Many thermographers have used several commonly accepted “rules of thumb” to attempt to correct for wind. Unfortunately, these simple measures are inadequate. Low temperature problems will still not be made visible, and the complexities of convective heat transfer do not always lend themselves to simple corrections for understanding more advanced problems. Wind speeds as small as 1-5mph can have a significant cooling effect on a thermal signature. Wind speeds above 5 mph can, depending on other conditions, reduce the temperature difference between the abnormal component and ambient to a few degrees or less. Inspections when winds exceed 15 mph should be avoided; when they must be conducted in these adverse conditions, attention should be paid to any and all findings, as they will increase in temperature when the wind speed is reduced. The two images of a set of OCBs (left) were taken under similar loading and ambient air conditions; in the top image the wind was blowing at 15mph while in the lower image it had dropped to 2mph.

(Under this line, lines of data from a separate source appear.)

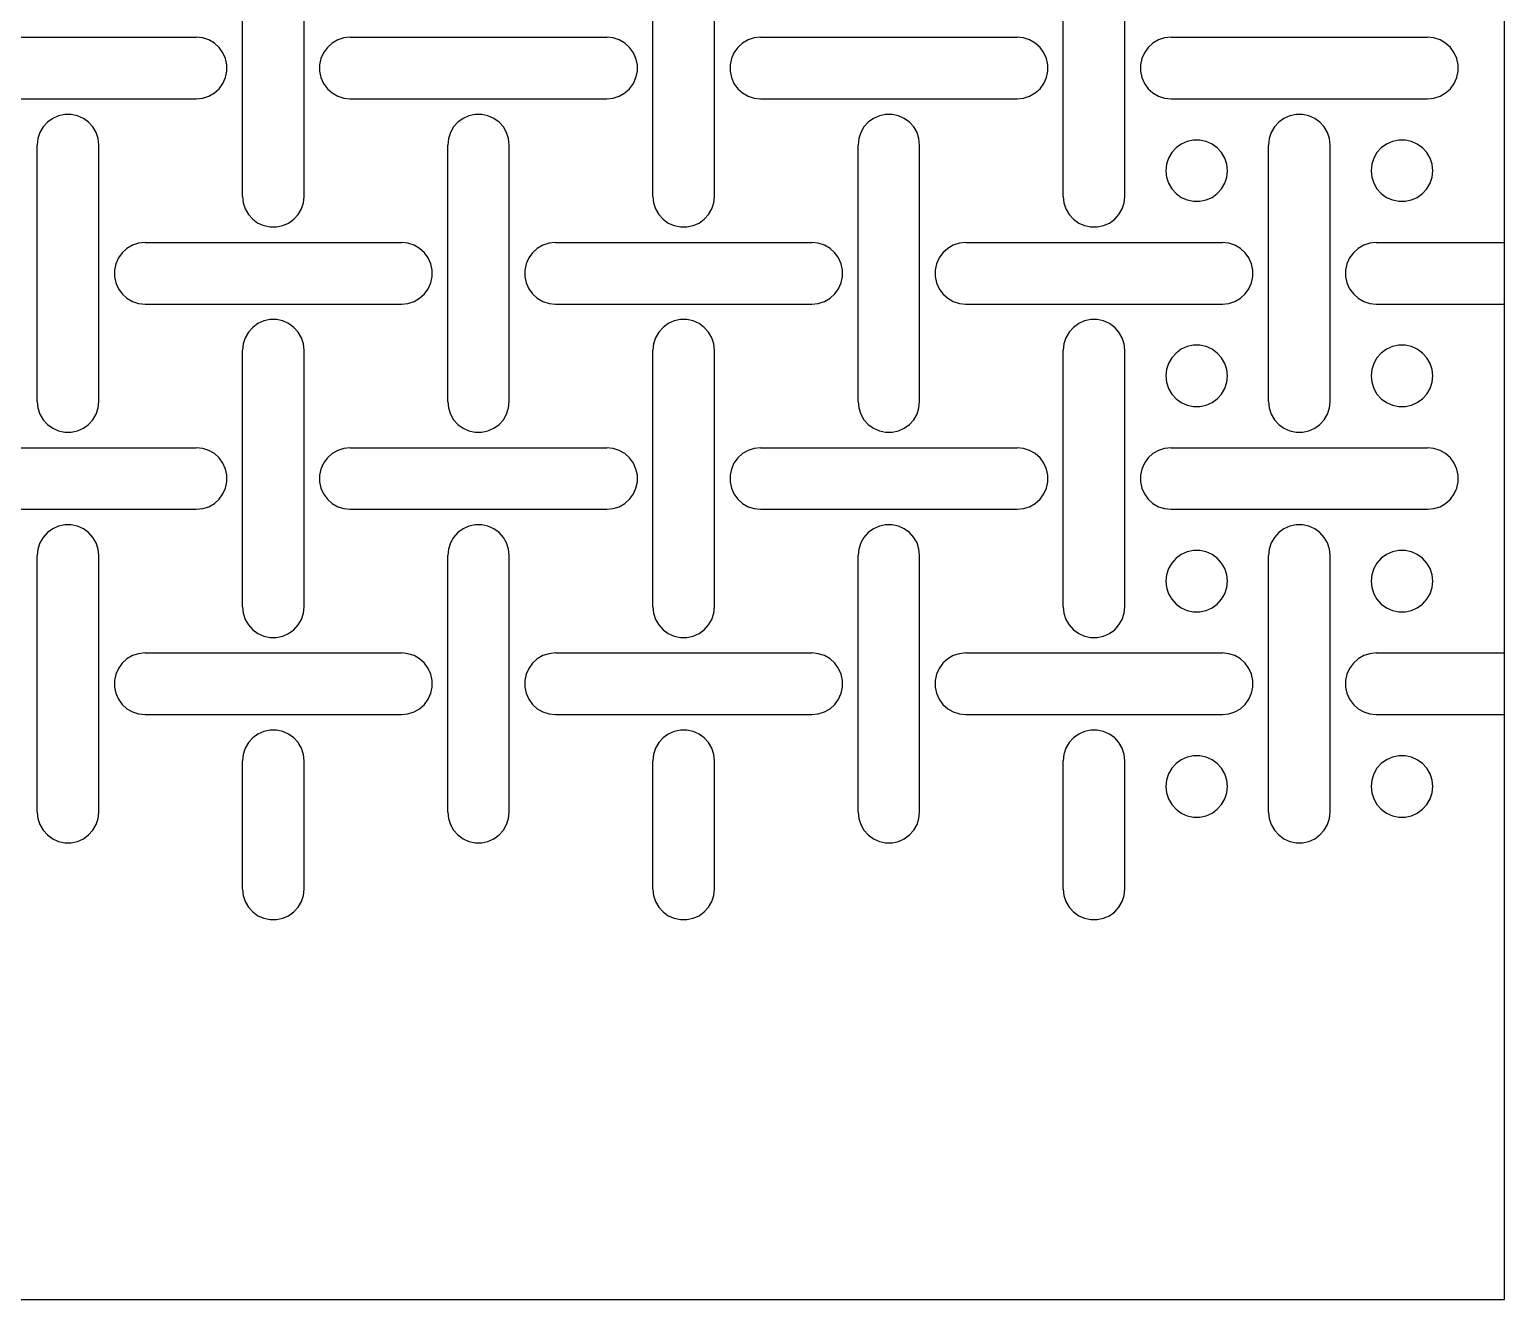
# Model space of a CAD drawing. Extents: x 88 to 484, y 87 to 768.
# Drawn here: x 280.7 to 484.5, y 87.4 to 262.8 of the extents above; entities that cross this region are included whole.
import ezdxf

# ---------------------------------------------------------------- set-up
doc = ezdxf.new("R2010")
doc.units = 0
doc.layers.get('0').update_dxf_attribs({"linetype": 'CONTINUOUS'})

msp = doc.modelspace()

# ---------------------------------------------------------------- linework, layer by layer
at = {"color": 1}
for points in [[(484.473614, 87.365814), (484.473614, 767.680576)], [(310.142958, 239.727972), (310.142958, 275.161029)], [(318.646891, 239.727972), (318.646891, 275.161029)], [(366.835855, 239.727972), (366.835855, 275.161029)], [(375.339787, 239.727972), (375.339787, 275.161029)], [(423.528751, 239.727972), (423.528751, 275.161029)], [(432.032684, 239.727972), (432.032684, 275.161029)], [(268.331947, 261.696463), (303.765005, 261.696463)], [(303.765005, 253.19253), (304.649037, 253.285448), (305.494437, 253.560135), (306.264252, 254.004585), (306.924836, 254.59938), (307.447316, 255.318517), (307.808869, 256.130572), (307.993684, 257.000047), (307.993684, 257.888954), (307.808869, 258.758429), (307.447316, 259.570483), (306.924836, 260.289621), (306.264252, 260.884416), (305.494437, 261.328865), (304.649037, 261.603553), (303.765005, 261.696463)], [(325.024844, 261.696463), (324.140812, 261.603553), (323.295412, 261.328865), (322.525597, 260.884416), (321.86502, 260.289621), (321.342532, 259.570483), (320.98098, 258.758429), (320.796172, 257.888954), (320.796172, 257.000047), (320.98098, 256.130572), (321.342532, 255.318517), (321.86502, 254.59938), (322.525597, 254.004585), (323.295412, 253.560135), (324.140812, 253.285448), (325.024844, 253.19253)], [(325.024844, 261.696463), (360.457901, 261.696463)], [(360.457901, 253.19253), (361.341941, 253.285448), (362.187333, 253.560135), (362.957148, 254.004585), (363.617733, 254.59938), (364.140213, 255.318517), (364.501765, 256.130572), (364.68658, 257.000047), (364.68658, 257.888954), (364.501765, 258.758429), (364.140213, 259.570483), (363.617733, 260.289621), (362.957148, 260.884416), (362.187333, 261.328865), (361.341941, 261.603553), (360.457901, 261.696463)], [(381.71774, 261.696463), (380.833708, 261.603553), (379.988308, 261.328865), (379.218494, 260.884416), (378.557916, 260.289621), (378.035429, 259.570483), (377.673877, 258.758429), (377.489069, 257.888954), (377.489069, 257.000047), (377.673877, 256.130572), (378.035429, 255.318517), (378.557916, 254.59938), (379.218494, 254.004585), (379.988308, 253.560135), (380.833708, 253.285448), (381.71774, 253.19253)], [(381.71774, 261.696463), (417.150805, 261.696463)], [(417.150805, 253.19253), (418.034838, 253.285448), (418.88023, 253.560135), (419.650045, 254.004585), (420.31063, 254.59938), (420.833117, 255.318517), (421.194662, 256.130572), (421.379477, 257.000047), (421.379477, 257.888954), (421.194662, 258.758429), (420.833117, 259.570483), (420.31063, 260.289621), (419.650045, 260.884416), (418.88023, 261.328865), (418.034838, 261.603553), (417.150805, 261.696463)], [(438.410637, 261.696463), (437.526605, 261.603553), (436.681205, 261.328865), (435.911398, 260.884416), (435.250813, 260.289621), (434.728326, 259.570483), (434.366781, 258.758429), (434.181966, 257.888954), (434.181966, 257.000047), (434.366781, 256.130572), (434.728326, 255.318517), (435.250813, 254.59938), (435.911398, 254.004585), (436.681205, 253.560135), (437.526605, 253.285448), (438.410637, 253.19253)], [(438.410637, 261.696463), (473.843702, 261.696463)], [(473.843702, 253.19253), (474.727734, 253.285448), (475.573127, 253.560135), (476.342941, 254.004585), (477.003526, 254.59938), (477.526014, 255.318517), (477.887558, 256.130572), (478.072373, 257.000047), (478.072373, 257.888954), (477.887558, 258.758429), (477.526014, 259.570483), (477.003526, 260.289621), (476.342941, 260.884416), (475.573127, 261.328865), (474.727734, 261.603553), (473.843702, 261.696463)], [(268.331947, 253.19253), (303.765005, 253.19253)], [(325.024844, 253.19253), (360.457901, 253.19253)], [(381.71774, 253.19253), (417.150805, 253.19253)], [(438.410637, 253.19253), (473.843702, 253.19253)], [(290.300446, 246.814577), (290.207529, 247.698617), (289.932841, 248.544009), (289.488391, 249.313824), (288.893596, 249.974409), (288.174459, 250.496888), (287.362404, 250.858441), (286.49293, 251.043256), (285.604022, 251.043256), (284.734548, 250.858441), (283.922493, 250.496888), (283.203356, 249.974409), (282.608561, 249.313824), (282.164111, 248.544009), (281.889423, 247.698617), (281.796506, 246.814577)], [(346.993343, 246.814577), (346.900425, 247.698617), (346.625738, 248.544009), (346.181288, 249.313824), (345.586493, 249.974409), (344.867356, 250.496888), (344.055301, 250.858441), (343.185826, 251.043256), (342.296919, 251.043256), (341.427444, 250.858441), (340.615389, 250.496888), (339.896252, 249.974409), (339.301457, 249.313824), (338.857007, 248.544009), (338.58232, 247.698617), (338.48941, 246.814577)], [(403.686239, 246.814577), (403.593322, 247.698617), (403.318634, 248.544009), (402.874184, 249.313824), (402.27939, 249.974409), (401.560252, 250.496888), (400.748205, 250.858441), (399.878723, 251.043256), (398.989823, 251.043256), (398.120341, 250.858441), (397.308286, 250.496888), (396.589149, 249.974409), (395.994354, 249.313824), (395.549904, 248.544009), (395.275217, 247.698617), (395.182307, 246.814577)], [(460.379136, 246.814577), (460.286218, 247.698617), (460.011531, 248.544009), (459.567081, 249.313824), (458.972294, 249.974409), (458.253149, 250.496888), (457.441102, 250.858441), (456.571619, 251.043256), (455.68272, 251.043256), (454.813237, 250.858441), (454.001183, 250.496888), (453.282045, 249.974409), (452.687258, 249.313824), (452.242801, 248.544009), (451.968121, 247.698617), (451.875203, 246.814577)], [(281.796506, 211.381519), (281.796506, 246.814577)], [(290.300446, 211.381519), (290.300446, 246.814577)], [(338.48941, 211.381519), (338.48941, 246.814577)], [(346.993343, 211.381519), (346.993343, 246.814577)], [(395.182307, 211.381519), (395.182307, 246.814577)], [(403.686239, 211.381519), (403.686239, 246.814577)], [(451.875203, 211.381519), (451.875203, 246.814577)], [(460.379136, 211.381519), (460.379136, 246.814577)], [(310.142958, 239.727972), (310.235875, 238.843932), (310.510563, 237.99854), (310.955013, 237.228725), (311.5498, 236.56814), (312.268945, 236.04566), (313.080992, 235.684108), (313.950474, 235.499293), (314.839374, 235.499293), (315.708856, 235.684108), (316.520911, 236.04566), (317.240048, 236.56814), (317.834836, 237.228725), (318.279293, 237.99854), (318.553973, 238.843932), (318.646891, 239.727972)], [(366.835855, 239.727972), (366.928772, 238.843932), (367.203459, 237.99854), (367.647909, 237.228725), (368.242704, 236.56814), (368.961841, 236.04566), (369.773896, 235.684108), (370.643371, 235.499293), (371.532271, 235.499293), (372.401753, 235.684108), (373.213808, 236.04566), (373.932945, 236.56814), (374.52774, 237.228725), (374.97219, 237.99854), (375.246877, 238.843932), (375.339787, 239.727972)], [(423.528751, 239.727972), (423.621669, 238.843932), (423.896356, 237.99854), (424.340806, 237.228725), (424.935601, 236.56814), (425.654738, 236.04566), (426.466793, 235.684108), (427.336268, 235.499293), (428.225175, 235.499293), (429.09465, 235.684108), (429.906704, 236.04566), (430.625842, 236.56814), (431.220637, 237.228725), (431.665086, 237.99854), (431.939774, 238.843932), (432.032684, 239.727972)], [(296.678392, 233.350018), (295.79436, 233.257101), (294.948967, 232.982413), (294.179152, 232.537964), (293.518568, 231.943169), (292.99608, 231.224031), (292.634535, 230.411977), (292.44972, 229.542502), (292.44972, 228.653595), (292.634535, 227.78412), (292.99608, 226.972065), (293.518568, 226.252928), (294.179152, 225.658133), (294.948967, 225.213683), (295.79436, 224.938996), (296.678392, 224.846086)], [(296.678392, 233.350018), (332.111457, 233.350018)], [(332.111457, 224.846086), (332.995489, 224.938996), (333.840889, 225.213683), (334.610696, 225.658133), (335.271281, 226.252928), (335.793768, 226.972065), (336.155313, 227.78412), (336.340128, 228.653595), (336.340128, 229.542502), (336.155313, 230.411977), (335.793768, 231.224031), (335.271281, 231.943169), (334.610696, 232.537964), (333.840889, 232.982413), (332.995489, 233.257101), (332.111457, 233.350018)], [(353.371296, 233.350018), (352.487256, 233.257101), (351.641864, 232.982413), (350.872049, 232.537964), (350.211464, 231.943169), (349.688977, 231.224031), (349.327432, 230.411977), (349.142617, 229.542502), (349.142617, 228.653595), (349.327432, 227.78412), (349.688977, 226.972065), (350.211464, 226.252928), (350.872049, 225.658133), (351.641864, 225.213683), (352.487256, 224.938996), (353.371296, 224.846086)], [(353.371296, 233.350018), (388.804353, 233.350018)], [(388.804353, 224.846086), (389.688386, 224.938996), (390.533785, 225.213683), (391.3036, 225.658133), (391.964178, 226.252928), (392.486665, 226.972065), (392.848217, 227.78412), (393.033025, 228.653595), (393.033025, 229.542502), (392.848217, 230.411977), (392.486665, 231.224031), (391.964178, 231.943169), (391.3036, 232.537964), (390.533785, 232.982413), (389.688386, 233.257101), (388.804353, 233.350018)], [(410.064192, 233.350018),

Classic heat transfer methodology may be useful to create a thermal model to explore the range of temperatures expected with changes in convection. For instance IEEE Standard 738 does this for bare overhead conductors by taking into account the appropriate thermodynamic and fluid equations for taking wind speed into account, as well as natural convection and radiant cooling effects. It is not possible, however, to apply this same model to all assets under the widely varying situations encountered in the field. Ambient conditions: The impact of changes in ambient may also be significant and difficult to quantify. The primary factors, aside from wind, are changes in air temperature, the impact of solar heating, and the presence of precipitation. The exact impact of changing air temperatures is difficult to predict, Clearly, an increase in air temperature will result in an increase in the measured temperature of a component. Thus, because warmer summer air has less cooling capacity, a high resistance connection will become hotter during hot months. A 70-100F difference in air temperatures between the summer and winter extremes is not unusual. During cold weather, problems that are only slightly warm may be cooled below a point where detection is reliable or even possible.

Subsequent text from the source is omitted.